Exercise → Where the word "blocks" occurs in a line of the listing, please copy the line.

Given records Block Start

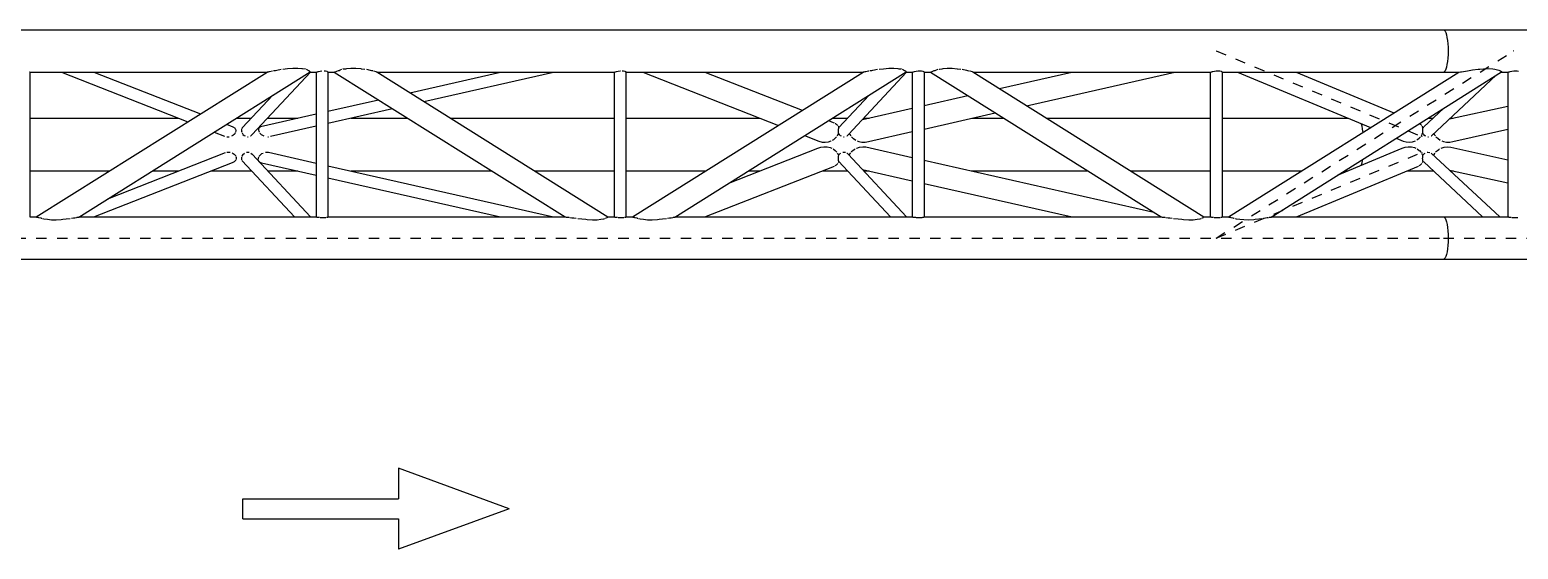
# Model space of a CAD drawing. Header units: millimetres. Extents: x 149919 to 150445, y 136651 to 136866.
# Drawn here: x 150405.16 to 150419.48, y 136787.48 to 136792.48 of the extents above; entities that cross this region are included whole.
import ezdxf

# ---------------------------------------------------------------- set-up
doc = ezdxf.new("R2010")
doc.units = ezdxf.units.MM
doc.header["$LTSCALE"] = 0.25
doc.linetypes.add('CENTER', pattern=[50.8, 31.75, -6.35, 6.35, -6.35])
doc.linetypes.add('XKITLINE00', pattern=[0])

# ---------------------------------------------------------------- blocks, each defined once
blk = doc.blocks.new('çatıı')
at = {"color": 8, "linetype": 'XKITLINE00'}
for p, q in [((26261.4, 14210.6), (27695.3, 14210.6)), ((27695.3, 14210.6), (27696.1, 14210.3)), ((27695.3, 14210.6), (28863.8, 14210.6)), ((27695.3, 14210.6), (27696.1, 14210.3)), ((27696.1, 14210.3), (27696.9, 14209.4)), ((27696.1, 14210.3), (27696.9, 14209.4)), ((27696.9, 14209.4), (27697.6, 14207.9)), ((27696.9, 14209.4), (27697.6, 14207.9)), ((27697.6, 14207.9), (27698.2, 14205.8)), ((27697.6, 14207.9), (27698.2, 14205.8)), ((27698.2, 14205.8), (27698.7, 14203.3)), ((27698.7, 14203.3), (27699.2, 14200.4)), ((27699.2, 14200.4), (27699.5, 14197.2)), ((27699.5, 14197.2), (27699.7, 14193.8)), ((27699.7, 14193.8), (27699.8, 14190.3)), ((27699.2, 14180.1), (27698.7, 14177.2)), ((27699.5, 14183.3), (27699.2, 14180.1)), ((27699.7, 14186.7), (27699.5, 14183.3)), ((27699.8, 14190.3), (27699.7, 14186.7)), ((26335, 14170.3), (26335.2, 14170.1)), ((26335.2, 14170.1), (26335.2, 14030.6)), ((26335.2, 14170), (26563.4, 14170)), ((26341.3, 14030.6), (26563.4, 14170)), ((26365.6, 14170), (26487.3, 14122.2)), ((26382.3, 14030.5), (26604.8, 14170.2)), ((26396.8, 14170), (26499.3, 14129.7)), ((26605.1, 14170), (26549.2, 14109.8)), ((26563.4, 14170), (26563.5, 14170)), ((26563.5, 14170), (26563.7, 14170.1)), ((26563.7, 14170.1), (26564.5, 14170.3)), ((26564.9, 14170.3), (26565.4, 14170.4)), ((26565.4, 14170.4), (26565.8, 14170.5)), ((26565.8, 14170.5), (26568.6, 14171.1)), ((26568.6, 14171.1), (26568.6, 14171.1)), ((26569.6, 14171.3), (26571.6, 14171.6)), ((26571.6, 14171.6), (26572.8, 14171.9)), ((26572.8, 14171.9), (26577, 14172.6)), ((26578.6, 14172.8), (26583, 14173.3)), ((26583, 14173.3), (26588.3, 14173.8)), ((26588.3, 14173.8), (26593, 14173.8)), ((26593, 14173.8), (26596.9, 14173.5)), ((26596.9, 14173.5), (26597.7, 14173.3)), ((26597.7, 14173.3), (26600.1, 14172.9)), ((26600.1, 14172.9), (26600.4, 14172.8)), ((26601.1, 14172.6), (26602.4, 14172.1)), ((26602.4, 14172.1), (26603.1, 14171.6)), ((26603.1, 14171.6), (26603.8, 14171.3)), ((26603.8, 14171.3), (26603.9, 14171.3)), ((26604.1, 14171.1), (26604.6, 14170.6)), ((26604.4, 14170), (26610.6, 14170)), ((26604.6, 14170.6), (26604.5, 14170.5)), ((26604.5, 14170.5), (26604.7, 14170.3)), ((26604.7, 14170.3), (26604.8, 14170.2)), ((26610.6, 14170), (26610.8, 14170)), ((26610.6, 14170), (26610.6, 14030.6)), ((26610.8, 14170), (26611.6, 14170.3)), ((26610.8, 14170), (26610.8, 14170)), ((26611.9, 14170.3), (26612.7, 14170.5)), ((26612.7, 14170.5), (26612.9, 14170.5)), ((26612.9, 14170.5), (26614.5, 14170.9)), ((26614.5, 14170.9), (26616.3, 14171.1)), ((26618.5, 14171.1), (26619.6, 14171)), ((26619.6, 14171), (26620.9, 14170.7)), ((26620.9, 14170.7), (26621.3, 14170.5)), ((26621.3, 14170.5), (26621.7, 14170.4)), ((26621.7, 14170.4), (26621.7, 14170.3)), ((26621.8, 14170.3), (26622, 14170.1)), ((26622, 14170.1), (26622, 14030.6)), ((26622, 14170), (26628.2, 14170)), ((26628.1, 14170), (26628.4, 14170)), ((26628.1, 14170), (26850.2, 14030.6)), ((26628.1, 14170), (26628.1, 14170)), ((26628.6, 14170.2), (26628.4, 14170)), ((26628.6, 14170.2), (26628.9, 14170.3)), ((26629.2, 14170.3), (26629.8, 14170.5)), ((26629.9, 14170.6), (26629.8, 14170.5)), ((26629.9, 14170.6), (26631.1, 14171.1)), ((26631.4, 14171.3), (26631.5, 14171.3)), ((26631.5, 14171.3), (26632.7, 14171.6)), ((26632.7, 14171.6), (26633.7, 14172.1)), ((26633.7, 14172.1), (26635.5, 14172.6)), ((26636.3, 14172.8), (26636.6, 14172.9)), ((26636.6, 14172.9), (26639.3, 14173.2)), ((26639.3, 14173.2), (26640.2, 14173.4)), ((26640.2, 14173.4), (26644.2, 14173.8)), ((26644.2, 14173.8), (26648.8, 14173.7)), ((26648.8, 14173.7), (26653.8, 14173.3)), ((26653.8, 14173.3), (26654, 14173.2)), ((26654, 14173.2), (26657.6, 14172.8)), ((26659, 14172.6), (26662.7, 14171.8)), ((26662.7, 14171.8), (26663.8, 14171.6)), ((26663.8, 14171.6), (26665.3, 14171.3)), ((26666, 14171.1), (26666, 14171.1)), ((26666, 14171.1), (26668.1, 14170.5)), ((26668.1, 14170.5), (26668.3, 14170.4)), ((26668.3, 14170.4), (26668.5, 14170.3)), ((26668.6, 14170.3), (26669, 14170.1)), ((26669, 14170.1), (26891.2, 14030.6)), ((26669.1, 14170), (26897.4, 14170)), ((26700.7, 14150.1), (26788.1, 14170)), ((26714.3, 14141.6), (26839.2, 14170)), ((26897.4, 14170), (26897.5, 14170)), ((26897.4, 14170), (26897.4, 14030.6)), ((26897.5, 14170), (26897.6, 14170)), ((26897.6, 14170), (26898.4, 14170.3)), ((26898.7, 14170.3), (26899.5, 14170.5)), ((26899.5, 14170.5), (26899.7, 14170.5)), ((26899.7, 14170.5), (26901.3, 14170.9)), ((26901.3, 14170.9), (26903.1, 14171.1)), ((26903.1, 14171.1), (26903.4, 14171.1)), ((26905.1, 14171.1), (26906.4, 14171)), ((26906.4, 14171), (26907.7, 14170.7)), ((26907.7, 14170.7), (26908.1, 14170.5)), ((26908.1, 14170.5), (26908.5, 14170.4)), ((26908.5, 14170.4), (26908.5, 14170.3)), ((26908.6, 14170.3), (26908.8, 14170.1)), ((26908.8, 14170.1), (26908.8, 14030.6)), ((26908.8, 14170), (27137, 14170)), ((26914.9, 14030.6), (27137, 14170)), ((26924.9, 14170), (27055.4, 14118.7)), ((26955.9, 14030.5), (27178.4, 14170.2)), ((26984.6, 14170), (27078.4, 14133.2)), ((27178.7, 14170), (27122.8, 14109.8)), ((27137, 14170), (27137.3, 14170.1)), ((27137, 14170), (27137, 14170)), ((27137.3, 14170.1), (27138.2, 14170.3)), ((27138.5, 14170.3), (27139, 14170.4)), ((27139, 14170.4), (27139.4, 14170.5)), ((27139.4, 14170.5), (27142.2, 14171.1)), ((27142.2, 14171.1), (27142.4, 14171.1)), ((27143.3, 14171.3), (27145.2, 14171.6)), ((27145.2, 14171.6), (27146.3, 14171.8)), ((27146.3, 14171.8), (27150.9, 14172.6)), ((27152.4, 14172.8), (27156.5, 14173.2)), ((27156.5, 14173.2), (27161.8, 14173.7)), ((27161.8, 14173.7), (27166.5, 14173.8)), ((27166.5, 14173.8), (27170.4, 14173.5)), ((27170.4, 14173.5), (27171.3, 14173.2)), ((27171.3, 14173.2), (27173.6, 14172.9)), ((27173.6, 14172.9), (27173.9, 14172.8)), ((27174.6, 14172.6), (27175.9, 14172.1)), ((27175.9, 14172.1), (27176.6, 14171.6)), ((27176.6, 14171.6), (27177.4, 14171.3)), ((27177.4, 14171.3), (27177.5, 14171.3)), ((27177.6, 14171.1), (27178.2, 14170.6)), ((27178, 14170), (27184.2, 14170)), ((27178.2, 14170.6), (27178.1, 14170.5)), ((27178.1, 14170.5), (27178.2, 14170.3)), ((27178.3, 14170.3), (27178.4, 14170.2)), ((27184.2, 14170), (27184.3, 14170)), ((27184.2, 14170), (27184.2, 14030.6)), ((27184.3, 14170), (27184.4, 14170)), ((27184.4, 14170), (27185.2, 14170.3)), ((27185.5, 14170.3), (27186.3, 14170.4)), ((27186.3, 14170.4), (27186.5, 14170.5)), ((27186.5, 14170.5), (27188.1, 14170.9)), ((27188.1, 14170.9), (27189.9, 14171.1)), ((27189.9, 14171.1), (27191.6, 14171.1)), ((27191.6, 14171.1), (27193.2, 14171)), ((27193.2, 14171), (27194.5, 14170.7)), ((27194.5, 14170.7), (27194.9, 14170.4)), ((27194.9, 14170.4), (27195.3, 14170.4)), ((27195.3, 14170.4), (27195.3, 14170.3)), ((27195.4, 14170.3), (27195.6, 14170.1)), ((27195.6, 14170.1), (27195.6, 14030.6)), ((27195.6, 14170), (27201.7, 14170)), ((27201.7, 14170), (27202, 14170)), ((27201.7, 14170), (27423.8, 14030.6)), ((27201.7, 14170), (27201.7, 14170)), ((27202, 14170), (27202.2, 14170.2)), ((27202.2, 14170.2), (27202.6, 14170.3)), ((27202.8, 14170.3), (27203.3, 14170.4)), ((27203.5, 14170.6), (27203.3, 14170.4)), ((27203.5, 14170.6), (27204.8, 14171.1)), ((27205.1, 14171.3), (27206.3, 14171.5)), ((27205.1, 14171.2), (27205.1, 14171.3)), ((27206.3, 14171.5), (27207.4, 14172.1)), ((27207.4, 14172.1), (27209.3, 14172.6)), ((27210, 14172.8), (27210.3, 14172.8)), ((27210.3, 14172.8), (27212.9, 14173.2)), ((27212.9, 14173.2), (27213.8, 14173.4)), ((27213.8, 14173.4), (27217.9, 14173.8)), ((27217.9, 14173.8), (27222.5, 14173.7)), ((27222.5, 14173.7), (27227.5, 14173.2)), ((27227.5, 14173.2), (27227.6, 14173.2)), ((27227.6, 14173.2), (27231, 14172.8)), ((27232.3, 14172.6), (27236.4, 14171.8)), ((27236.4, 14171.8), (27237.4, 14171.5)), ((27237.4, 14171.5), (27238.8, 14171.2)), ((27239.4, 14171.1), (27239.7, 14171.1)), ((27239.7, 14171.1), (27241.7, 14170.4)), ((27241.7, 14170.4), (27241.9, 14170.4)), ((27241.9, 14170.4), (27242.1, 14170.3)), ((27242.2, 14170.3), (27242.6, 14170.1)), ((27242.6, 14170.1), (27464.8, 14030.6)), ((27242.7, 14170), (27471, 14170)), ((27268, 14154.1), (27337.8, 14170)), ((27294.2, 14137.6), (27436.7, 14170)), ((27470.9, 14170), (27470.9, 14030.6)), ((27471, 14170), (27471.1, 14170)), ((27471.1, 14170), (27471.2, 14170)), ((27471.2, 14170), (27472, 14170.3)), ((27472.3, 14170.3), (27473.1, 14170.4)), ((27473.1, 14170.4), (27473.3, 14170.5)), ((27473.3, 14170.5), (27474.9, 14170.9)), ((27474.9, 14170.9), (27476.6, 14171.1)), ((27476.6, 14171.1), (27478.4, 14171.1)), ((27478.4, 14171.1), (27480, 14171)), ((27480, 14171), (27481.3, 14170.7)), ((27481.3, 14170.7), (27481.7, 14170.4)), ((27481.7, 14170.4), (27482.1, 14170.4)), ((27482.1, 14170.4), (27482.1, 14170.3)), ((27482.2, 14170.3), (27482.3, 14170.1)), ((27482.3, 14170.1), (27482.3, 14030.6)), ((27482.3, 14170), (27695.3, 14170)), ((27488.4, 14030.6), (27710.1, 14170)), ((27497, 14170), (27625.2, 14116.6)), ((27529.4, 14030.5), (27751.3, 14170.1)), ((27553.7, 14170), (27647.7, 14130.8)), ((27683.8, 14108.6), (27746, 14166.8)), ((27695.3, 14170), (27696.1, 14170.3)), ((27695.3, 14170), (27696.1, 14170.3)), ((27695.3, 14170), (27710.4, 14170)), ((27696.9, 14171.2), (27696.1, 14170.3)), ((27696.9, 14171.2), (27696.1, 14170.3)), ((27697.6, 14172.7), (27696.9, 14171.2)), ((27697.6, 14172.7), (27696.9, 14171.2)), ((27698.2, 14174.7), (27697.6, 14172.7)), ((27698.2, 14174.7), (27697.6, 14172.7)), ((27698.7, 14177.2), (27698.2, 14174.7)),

Given records Block End

Result of this exercise →
# ---------------------------------------------------------------- blocks, each defined once
blk = doc.blocks.new('çatıı')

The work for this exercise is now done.